C-277/14 PPUH Stehcemp
Zie bijlage rechts voor de verwijzingsuitspraak Klik hier voor het volledige dossier van het Hof van Justitie
Termijnen: Motivering departement: 24 juli 2014 (Concept-) schriftelijke opmerkingen: 10 augustus 2014 Schriftelijke opmerkingen: 10 september 2014 Trefwoorden: btw; goede trouw
Onderwerp Zesde richtlijn (77/388/EEG) van de Raad van 17 mei 1977 betreffende de harmonisatie van de wetgevingen der lidstaten inzake omzetbelasting – Gemeenschappelijk stelsel van belasting over de toegevoegde waarde: uniforme grondslag (Pb L 145, blz. 1, zoals gewijzigd)
Verzoekster maakt volgens de belastinginspectie (verweerster) ten onrechte aanspraak op een bedrag aan voorbelasting uit de verkrijging van dieselbrandstof waarvoor de facturen zijn geleverd door een (op moment van facturering nog) niet-bestaand bedrijf (‘FINNET’). Verzoekster gaat in bezwaar omdat zij de diesel wel heeft aangekocht bij FINNET en heeft gebruikt in het kader van haar economische activiteit. Zij had van FINNET een inschrijvingsdocument (in het btw-register) gekregen. De Directeur belastingkamer bevestigt het negatieve oordeel van de belastingdienst: er is geen belastingschuld ontstaan dus kan er geen recht op aftrek van voorbelasting zijn. In beroep stelt verzoekster dat zij te goeder trouw heeft gehandeld, maar de rechter stelt dat verzoekster niet de vereiste zorgvuldigheid in acht heeft genomen. Verzoekster stelt cassatie in.

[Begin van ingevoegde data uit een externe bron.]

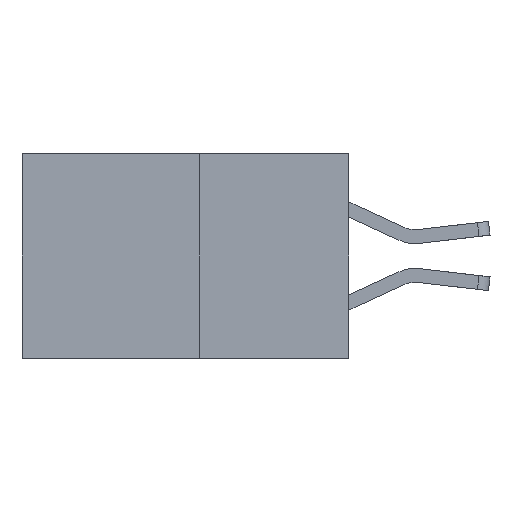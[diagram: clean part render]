
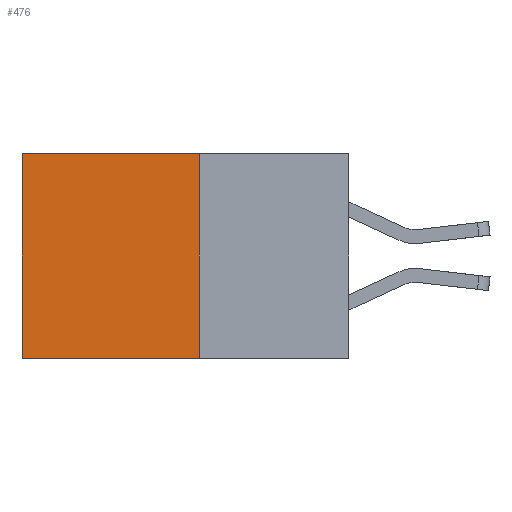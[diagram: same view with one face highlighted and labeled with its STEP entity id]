
A CAD part, left-side view. The second image highlights one B-rep face of the part: STEP entity #476.
In plain terms, the highlighted planar face has unit normal (-1, 0, 0).
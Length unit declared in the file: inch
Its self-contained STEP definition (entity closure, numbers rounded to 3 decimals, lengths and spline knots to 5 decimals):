
#105 = VERTEX_POINT ( 'NONE', #1297 ) ;
#317 = LINE ( 'NONE', #5984, #1931 ) ;
#476 = ADVANCED_FACE ( 'NONE', ( #6765 ), #1693, .F. ) ;
#794 = ORIENTED_EDGE ( 'NONE', *, *, #4523, .T. ) ;
#843 = ORIENTED_EDGE ( 'NONE', *, *, #1957, .F. ) ;
#1030 = DIRECTION ( 'NONE',  ( 0., 0., -1. ) ) ;
#1036 = DIRECTION ( 'NONE',  ( 0., 1., 0. ) ) ;
#1147 = ORIENTED_EDGE ( 'NONE', *, *, #6575, .F. ) ;
#1293 = DIRECTION ( 'NONE',  ( 0., 0., -1. ) ) ;
#1297 = CARTESIAN_POINT ( 'NONE',  ( 0.277, 0.27, -0.37 ) ) ;
#1533 = CARTESIAN_POINT ( 'NONE',  ( 0.277, 0.27, 0. ) ) ;
#1543 = ORIENTED_EDGE ( 'NONE', *, *, #7223, .T. ) ;
#1693 = PLANE ( 'NONE',  #6329 ) ;
#1805 = CARTESIAN_POINT ( 'NONE',  ( 0.277, 0.27, -0.37 ) ) ;
#1931 = VECTOR ( 'NONE', #6585, 39.37008 ) ;
#1957 = EDGE_CURVE ( 'NONE', #105, #7918, #4616, .T. ) ;
#3198 = VECTOR ( 'NONE', #4562, 39.37008 ) ;
#4405 = VECTOR ( 'NONE', #1036, 39.37008 ) ;
#4523 = EDGE_CURVE ( 'NONE', #5938, #7918, #7222, .T. ) ;
#4562 = DIRECTION ( 'NONE',  ( 0., 0., -1. ) ) ;
#4581 = CARTESIAN_POINT ( 'NONE',  ( 0.277, 0.59, -0.37 ) ) ;
#4616 = LINE ( 'NONE', #8134, #4405 ) ;
#4833 = CARTESIAN_POINT ( 'NONE',  ( 0.277, 0.27, -0.37 ) ) ;
#4920 = CARTESIAN_POINT ( 'NONE',  ( 0.277, 0.59, 0. ) ) ;
#5712 = VECTOR ( 'NONE', #1030, 39.37008 ) ;
#5874 = EDGE_LOOP ( 'NONE', ( #794, #843, #1147, #1543 ) ) ;
#5938 = VERTEX_POINT ( 'NONE', #4920 ) ;
#5984 = CARTESIAN_POINT ( 'NONE',  ( 0.277, 0.27, 0. ) ) ;
#6005 = CARTESIAN_POINT ( 'NONE',  ( 0.277, 0.59, -0.37 ) ) ;
#6329 = AXIS2_PLACEMENT_3D ( 'NONE', #1805, #7372, #1293 ) ;
#6368 = VERTEX_POINT ( 'NONE', #1533 ) ;
#6575 = EDGE_CURVE ( 'NONE', #6368, #105, #7285, .T. ) ;
#6585 = DIRECTION ( 'NONE',  ( 0., 1., 0. ) ) ;
#6765 = FACE_OUTER_BOUND ( 'NONE', #5874, .T. ) ;
#7222 = LINE ( 'NONE', #4581, #3198 ) ;
#7223 = EDGE_CURVE ( 'NONE', #6368, #5938, #317, .T. ) ;
#7285 = LINE ( 'NONE', #4833, #5712 ) ;
#7372 = DIRECTION ( 'NONE',  ( 1., 0., 0. ) ) ;
#7918 = VERTEX_POINT ( 'NONE', #6005 ) ;
#8134 = CARTESIAN_POINT ( 'NONE',  ( 0.277, 0.27, -0.37 ) ) ;

De verwijzende POL cassatierechter heeft naar aanleiding van diverse arresten van het HvJEU twijfels aan de juiste uitleg van het begrip goede trouw van een belastingplichtige. In POL zijn hierdoor verschillende uitlegproblemen veroorzaakt. Hij stelt het HvJEU dan ook de volgende vragen: 1. Dienen artikel 2, punt 1, artikel 4, leden 1 en 2, artikel 5, lid 1, en artikel 10, leden 1 en 2, van de Zesde Richtlijn (77/388/EEG) van de Raad van 17 mei 1977 betreffende de harmonisatie van de wetgevingen der lidstaten inzake omzetbelasting – Gemeenschappelijk stelsel van belasting over de toegevoegde waarde: uniforme grondslag (PB L 145, blz. 1, zoals gewijzigd: hierna: „Zesde richtlijn”) aldus te worden uitgelegd dat het bij een handeling die wordt verricht in omstandigheden als die welke in de zaak voor de nationale rechter aan de orde zijn, waarin noch de belastingplichtige noch de belastingdienst in staat is om de identiteit van de daadwerkelijke leverancier van de goederen vast te stellen, gaat om een levering van goederen? 2. Indien de eerste vraag bevestigend wordt beantwoord: dienen artikel 17, lid 2, sub a, artikel 18, lid 1, sub a, en artikel 22, lid 3, van de Zesde richtlijn aldus te worden uitgelegd dat zij zich verzetten tegen nationale bepalingen, volgens welke – in omstandigheden als die welke in de zaak voor de nationale rechter aan de orde zijn – de belastingplichtige geen recht heeft op aftrek van voorbelasting daar de factuur werd opgesteld door een persoon die niet de daadwerkelijke leverancier van het goed was en het niet mogelijk is om de identiteit van de daadwerkelijke leverancier van het goed vast te stellen en deze te verplichten de belasting te voldoen, dan wel de persoon aan te wijzen die daartoe op grond van artikel 21, lid 1, sub c, van de Zesde richtlijn gehouden is wegens het opstellen van de factuur?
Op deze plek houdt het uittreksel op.